Integralist/1. Designing Systems and Applications.md

## 1. Designing Systems and Applications.md

      
    Raw
  

              1. Designing Systems and Applications.md
            
          
    Designing Systems and Applications

This is a short document of tips and notes I've accumulated while learning more about designing distributed systems and building concurrent applications. It is by no means definitive and merely scratches the surface of what is needed to be considered when designing an architecture expected to handle large scale traffic.
Distributed Systems

Scale out, not up

There reaches a point in your application's design where by merely throwing more hardware at the problem (i.e. "scaling up") will fail to resolve the scalability issues you're encountering.
You should aim for an system designed to scale horizontally (i.e. "scaling out") as it allows for easier growth and improvement.
Build smaller applications

If you currently have a monolithic application, then you should consider drawing a top level diagram of your current architecture. Find logical areas of the application which can be split into separate services that communicate with each other. This allows each individual service to scale separately depending on its load.

Note: mechanisms for communication could be pubsub (e.g. AWS SNS)

or via a push/pull design using queues (e.g. AWS SQS)

and use temporary storage to pass between services (e.g. AWS S3)

The discussion of designing modular systems and applications (which are connected via different mechanisms to potentially avoid single points of failure) will always cause some contention between the arguments of "pure scalability" & "economical financial stability"; e.g. smaller set of servers sharing multiple services is cheaper than a individual servers for each service.

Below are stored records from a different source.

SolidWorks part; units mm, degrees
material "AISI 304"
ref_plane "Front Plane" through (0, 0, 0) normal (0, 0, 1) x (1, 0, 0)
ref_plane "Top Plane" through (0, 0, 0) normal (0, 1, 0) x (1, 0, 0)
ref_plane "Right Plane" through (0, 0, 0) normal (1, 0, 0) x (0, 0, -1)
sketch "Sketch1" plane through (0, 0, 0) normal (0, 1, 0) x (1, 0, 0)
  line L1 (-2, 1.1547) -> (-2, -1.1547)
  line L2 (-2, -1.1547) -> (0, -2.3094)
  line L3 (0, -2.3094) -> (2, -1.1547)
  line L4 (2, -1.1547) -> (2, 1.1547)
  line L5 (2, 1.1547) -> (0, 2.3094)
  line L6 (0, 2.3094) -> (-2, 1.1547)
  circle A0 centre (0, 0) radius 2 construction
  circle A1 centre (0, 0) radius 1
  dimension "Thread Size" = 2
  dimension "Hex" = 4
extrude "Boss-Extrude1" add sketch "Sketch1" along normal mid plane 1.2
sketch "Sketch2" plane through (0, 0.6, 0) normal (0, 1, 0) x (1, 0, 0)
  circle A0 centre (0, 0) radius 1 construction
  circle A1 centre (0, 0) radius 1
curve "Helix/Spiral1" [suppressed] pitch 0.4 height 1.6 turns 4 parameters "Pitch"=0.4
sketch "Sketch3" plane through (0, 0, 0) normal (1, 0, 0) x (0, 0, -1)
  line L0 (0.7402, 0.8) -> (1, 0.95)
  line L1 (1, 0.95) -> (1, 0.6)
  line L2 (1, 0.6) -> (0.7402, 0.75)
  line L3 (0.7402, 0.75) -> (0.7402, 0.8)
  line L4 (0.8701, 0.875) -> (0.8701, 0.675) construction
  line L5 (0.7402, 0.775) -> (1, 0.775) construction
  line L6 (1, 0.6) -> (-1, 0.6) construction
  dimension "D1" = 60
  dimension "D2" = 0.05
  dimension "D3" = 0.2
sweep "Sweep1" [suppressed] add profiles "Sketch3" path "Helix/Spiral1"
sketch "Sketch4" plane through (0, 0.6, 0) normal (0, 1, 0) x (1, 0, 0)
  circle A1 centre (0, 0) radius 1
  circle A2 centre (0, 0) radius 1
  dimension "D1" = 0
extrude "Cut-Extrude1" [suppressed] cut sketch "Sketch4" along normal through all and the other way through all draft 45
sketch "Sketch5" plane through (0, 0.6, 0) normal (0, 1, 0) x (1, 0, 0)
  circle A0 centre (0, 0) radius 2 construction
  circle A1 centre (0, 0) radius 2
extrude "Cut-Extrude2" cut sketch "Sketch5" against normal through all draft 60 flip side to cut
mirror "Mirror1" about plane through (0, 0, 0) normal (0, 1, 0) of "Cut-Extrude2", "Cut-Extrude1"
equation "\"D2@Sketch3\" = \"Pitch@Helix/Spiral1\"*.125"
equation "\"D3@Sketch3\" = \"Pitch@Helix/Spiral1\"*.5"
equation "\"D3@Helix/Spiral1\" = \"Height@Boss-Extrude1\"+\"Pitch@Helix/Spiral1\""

The outcome will depend on the size of the organisation and whether it's financially viable to support an extremely granular architecture.
Measure, Monitor, Log

Implement solutions to application logging and server monitoring as soon as possible. Aim to prevent disasters rather than just automating recovery from them. Identify unhealthy services before they become an unrecoverable problem.
Also, by measuring and monitoring appropriately, we can ascertain whether our instances are too small/large and can be scaled up/down accordingly.
Utilization

Don't just think about automatically scaling; you should definitely scale where appropriate, but also think about optimizing utilization. For example, look at your application/service design and look at ways to modify them so they can handle more traffic, more efficiently. Doing this will help to reduce costs by not needing to scale as much as we'll be better utilizing the resources.
Single Points of Failure (SPOF)

You should look to identify weak spots (e.g. "single points of failure") in your architecture. These are places where by if any part of your application or service goes down, then the whole application becomes useless (see next section on failing gracefully). See the architecture diagrams at the bottom of this page which demonstrate a simple application which had a SPOF but re-architectured the applications and services so they could better handle potential failures and keep users unaware there was a problem with the system.
Fail Gracefully

Certain components can't scale easily (such as databases & nosql document stores). In an ideal world we would build the application to fail gracefully. For example, we could monitor/watch for "warning" thresholds; and when critical mass is reached and the relevant alarm is fired (let's say an AWS SNS notification is sent) our applications (if subscribed to the SNS topic) would be able to take action to store off important data in an external service (in case of imminent failure) or worst case temporarily disabling certain features so the user doesn't lose important data.
How we fail should be determined by us and our application and will be dependent on the application being built (i.e. you couldn't fail in the exact same way for every application type as the requirements would be vastly different).
Caching

Analyse your architecture not only for SPOF but also to see where we can implement caching layers to reduce traffic load.
Concurrency

Concurrency introduces many different types of problems. As an example, think of the classic "Banker's Dilemma" where by you have two customers: John and Bob who both have access to a joint account, which currently holds £10. If both John and Bob trigger an action at the same time (let's say John takes out £10 and Bob takes out £5) then what should be the outcome? If John's action was handled first then the account balance should be 0, but if Bob's action was triggered at the same time but didn't finish as quickly then we have an issue where he'll be attempting to take £5 from a 0 balance account.
Thread Safety

Although a much larger discussion by itself, the principle of data being "thread safe" is that it is accessible via multiple threads at the same time and will not cause conflict. Usually have globally shared state can help, or better yet, writing applications that work with the idea of immutable data (where by a copy of the modified data is used and the original is left untouched - see languages such as Haskell and Clojure).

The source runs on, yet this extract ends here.